# [Exercise prompt]
Transcribe exactly the line that contains "extrude(amount=EXTRUDE_2_DEPTH)" and every line after it through the end of the records, with nothing else.

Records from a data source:
--------------------

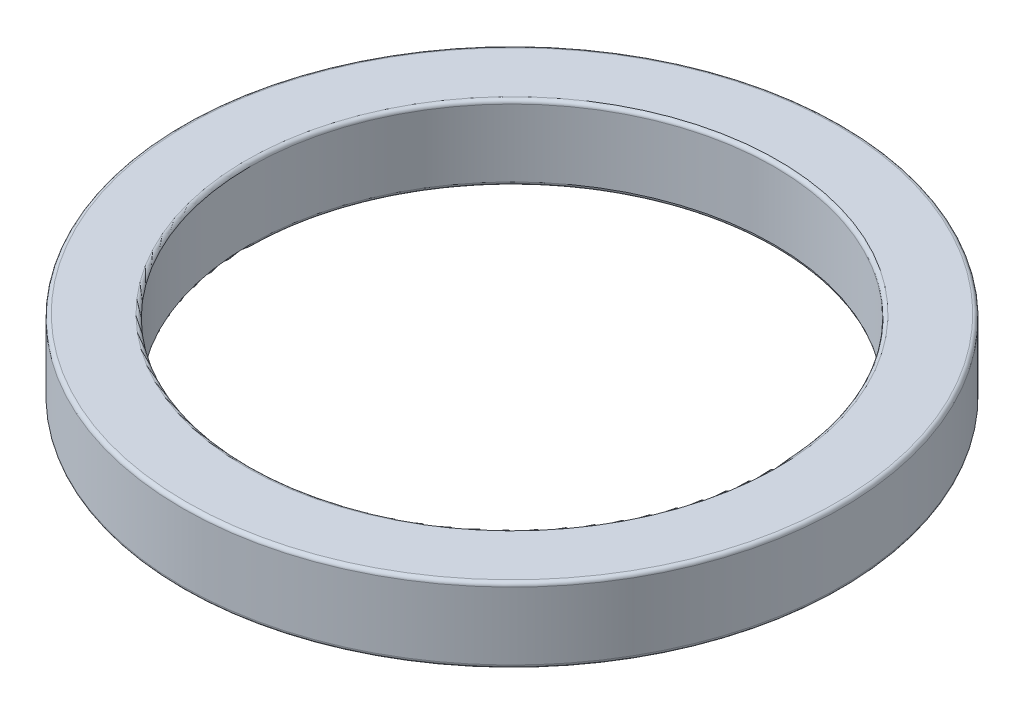
from build123d import *

# Parameters (mm, degrees)
SKETCH_1_R      = 22
SKETCH_1_R_2    = 17.5
EXTRUDE_1_DEPTH = 5
FILLET_1_R      = 0.25


with BuildPart() as part:
    # 草图1 → 凸台-拉伸1 (new body)
    with BuildSketch(Plane(origin=(0, 0, 0), x_dir=(1, 0, 0), z_dir=(0, 1, 0))):
        with Locations(Location((0, 0, 0), (0, 0, 270))):
            Circle(SKETCH_1_R)
        with Locations(Location((0, 0, 0), (0, 0, 270))):
            Circle(SKETCH_1_R_2, mode=Mode.SUBTRACT)
    extrude(amount=EXTRUDE_1_DEPTH)

    # 圆角1
    fillet_1_edges = [part.edges().sort_by_distance(p)[0] for p in [
        (0, 0, -22),
        (0, 5, -22),
        (0, 0, -17.5),
        (0, 5, -17.5),
    ]]
    fillet(fillet_1_edges, radius=FILLET_1_R)


solid = part.part
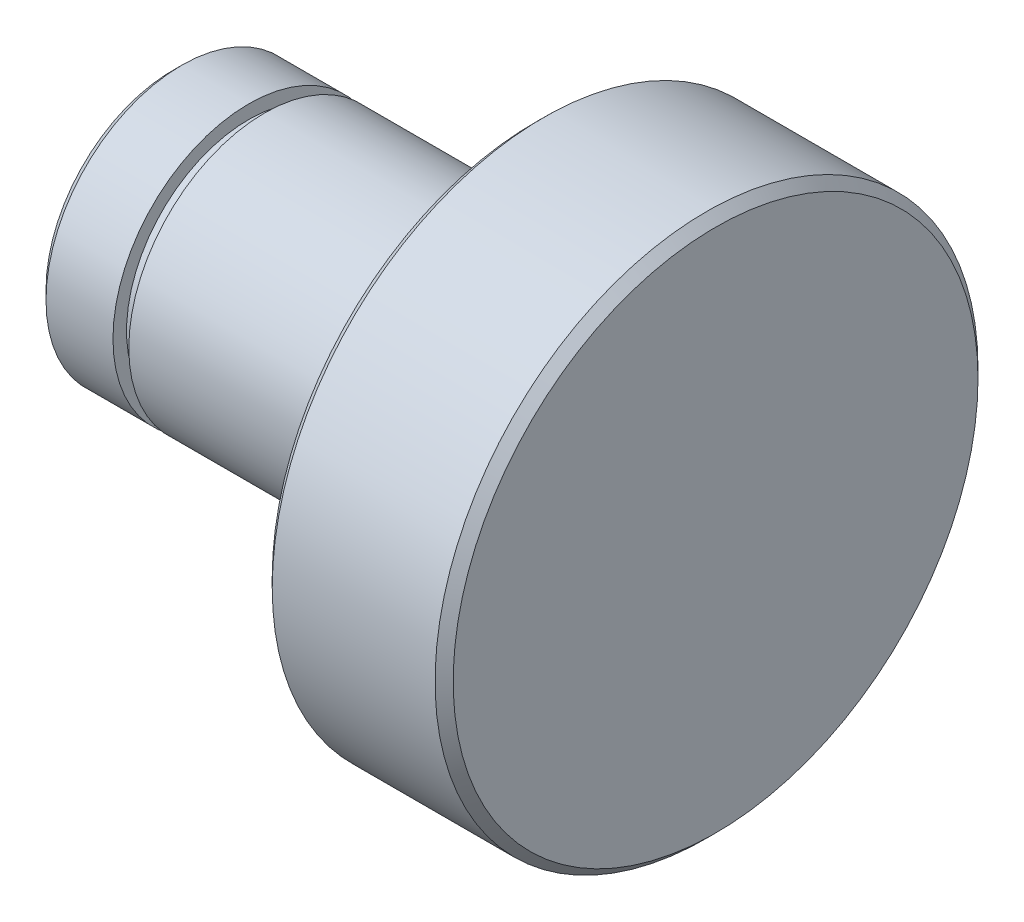
from build123d import *

# Parameters (mm, degrees)
SMUSSO1_SIZE = 1
SCHIZZO5_W   = 1.6
SCHIZZO5_H   = 4.170885387
SCHIZZO5_W_2 = 0.15


with BuildPart() as part:
    # Schizzo1 → Rivoluzione1 (revolve)
    with BuildSketch(Plane.XY, mode=Mode.PRIVATE) as rivoluzione1_sk:
        Polygon((0, 0), (0, 30), (-20, 30), (-20, 15), (-60, 15), (-60, 0), align=None)
    revolve(rivoluzione1_sk.sketch.rotate(Axis((0, 0, 0), (-1, 0, 0)), 90), axis=Axis((0, 0, 0), (-1, 0, 0)))

    # Smusso1
    smusso1_edges = [part.edges().sort_by_distance(p)[0] for p in [
        (-60, 0, 15),
        (-20, 0, 30),
        (0, 0, 30),
    ]]
    chamfer(smusso1_edges, length=SMUSSO1_SIZE)

    # Schizzo5 → Taglia-Rivoluzione7 (revolve, cut)
    with BuildSketch(Plane.XY, mode=Mode.PRIVATE) as taglia_rivoluzione7_sk:
        with Locations((-50.8, 15.585442694)):
            Rectangle(SCHIZZO5_W, SCHIZZO5_H)
        with Locations((-49.925, 15.585442694)):
            Rectangle(SCHIZZO5_W_2, SCHIZZO5_H)
    revolve(taglia_rivoluzione7_sk.sketch.rotate(Axis((0, 0, 0), (-1, 0, 0)), 270), axis=Axis((0, 0, 0), (-1, 0, 0)), mode=Mode.SUBTRACT)


solid = part.part
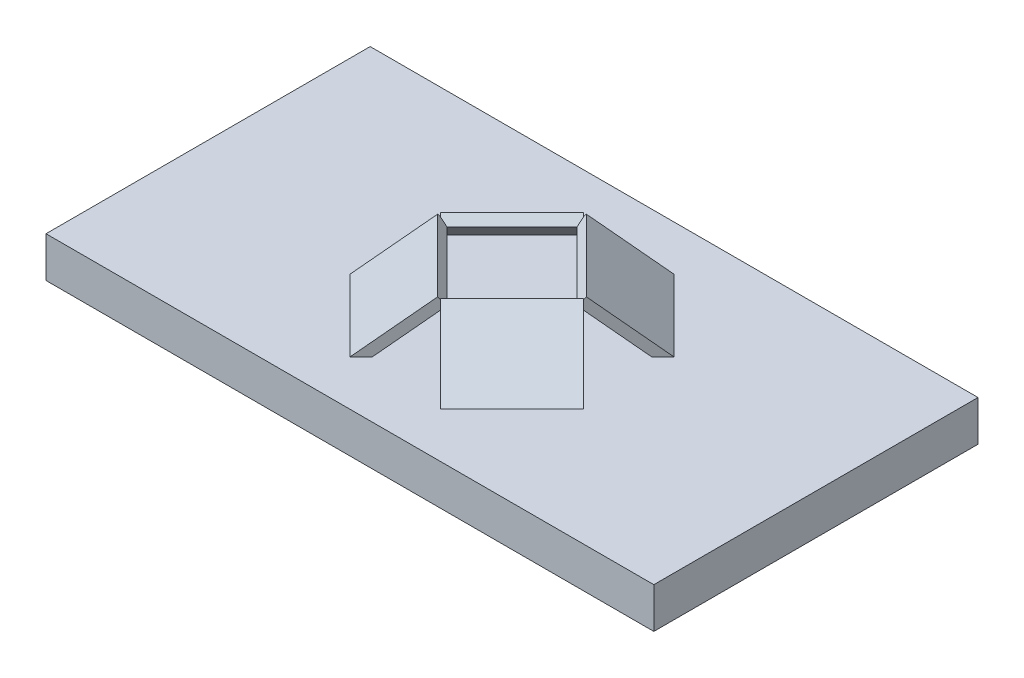
from build123d import *

# Parameters (mm, degrees)
SKETCH1_W           = 30
SKETCH1_H           = 16
BOSS_EXTRUDE1_DEPTH = 2
SKETCH4_W           = 5
SKETCH4_H           = 4
BOSS_EXTRUDE2_DEPTH = 0.5
CIRPATTERN1_COUNT   = 4


with BuildPart() as part:
    # Sketch1 → Boss-Extrude1 (new body)
    with BuildSketch(Plane(origin=(0, 0, 0), x_dir=(1, 0, 0), z_dir=(0, 1, 0))):
        Rectangle(SKETCH1_W, SKETCH1_H)
    extrude(amount=BOSS_EXTRUDE1_DEPTH)

    # Sketch4 → Boss-Extrude2 (add)
    with BuildSketch(Plane(origin=(-2.349067885, 3.959105139, 2.349067885), x_dir=(0.7071067811865479, 0, 0.7071067811865471), z_dir=(0.4545194776720462, -0.7660444431189748, -0.4545194776720467))):
        with Locations((0, 1.047826544)):
            Rectangle(SKETCH4_W, SKETCH4_H)
    boss_extrude2 = extrude(amount=BOSS_EXTRUDE2_DEPTH)

    # CirPattern1: Boss-Extrude2 ×4 about axis
    cirpattern1_axis = Axis((0, 0, 0), (0, 1, 0))
    for i in range(1, CIRPATTERN1_COUNT):
        add(boss_extrude2.rotate(cirpattern1_axis, i * 360 / CIRPATTERN1_COUNT))


solid = part.part
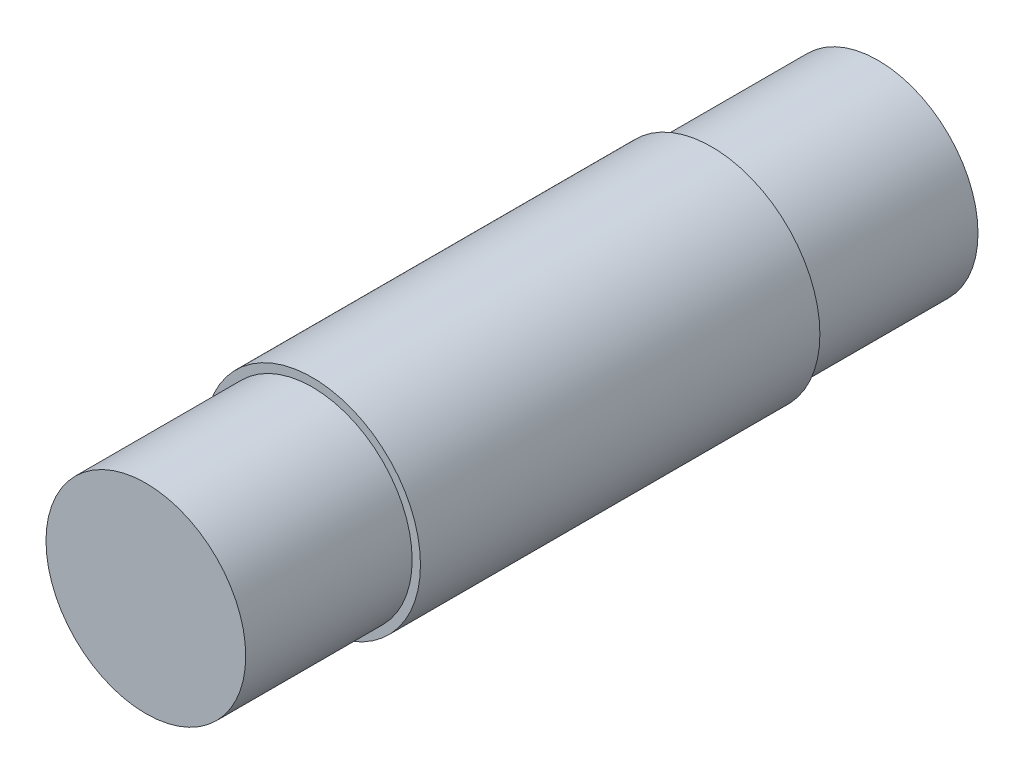
from build123d import *

# Parameters (mm, degrees)
SKETCH_1_R      = 3
EXTRUDE_1_DEPTH = 5
SKETCH_2_R      = 3.25
EXTRUDE_2_DEPTH = 12
SKETCH_3_R      = 3
EXTRUDE_3_DEPTH = 5


with BuildPart() as part:
    # ｽｹｯﾁ1 → ﾎﾞｽ - 押し出し1 (new body)
    with BuildSketch(Plane.XY):
        Circle(SKETCH_1_R)
    extrude(amount=EXTRUDE_1_DEPTH)

    # ｽｹｯﾁ2 → ﾎﾞｽ - 押し出し2 (add)
    with BuildSketch(Plane.XY.offset(5)):
        Circle(SKETCH_2_R)
    extrude(amount=EXTRUDE_2_DEPTH)

    # ｽｹｯﾁ3 → ﾎﾞｽ - 押し出し3 (add)
    with BuildSketch(Plane.XY.offset(17)):
        Circle(SKETCH_3_R)
    extrude(amount=EXTRUDE_3_DEPTH)


solid = part.part

--------------------

# [Finished task]
    extrude(amount=EXTRUDE_2_DEPTH)

    # ｽｹｯﾁ3 → ﾎﾞｽ - 押し出し3 (add)
    with BuildSketch(Plane.XY.offset(17)):
        Circle(SKETCH_3_R)
    extrude(amount=EXTRUDE_3_DEPTH)


solid = part.part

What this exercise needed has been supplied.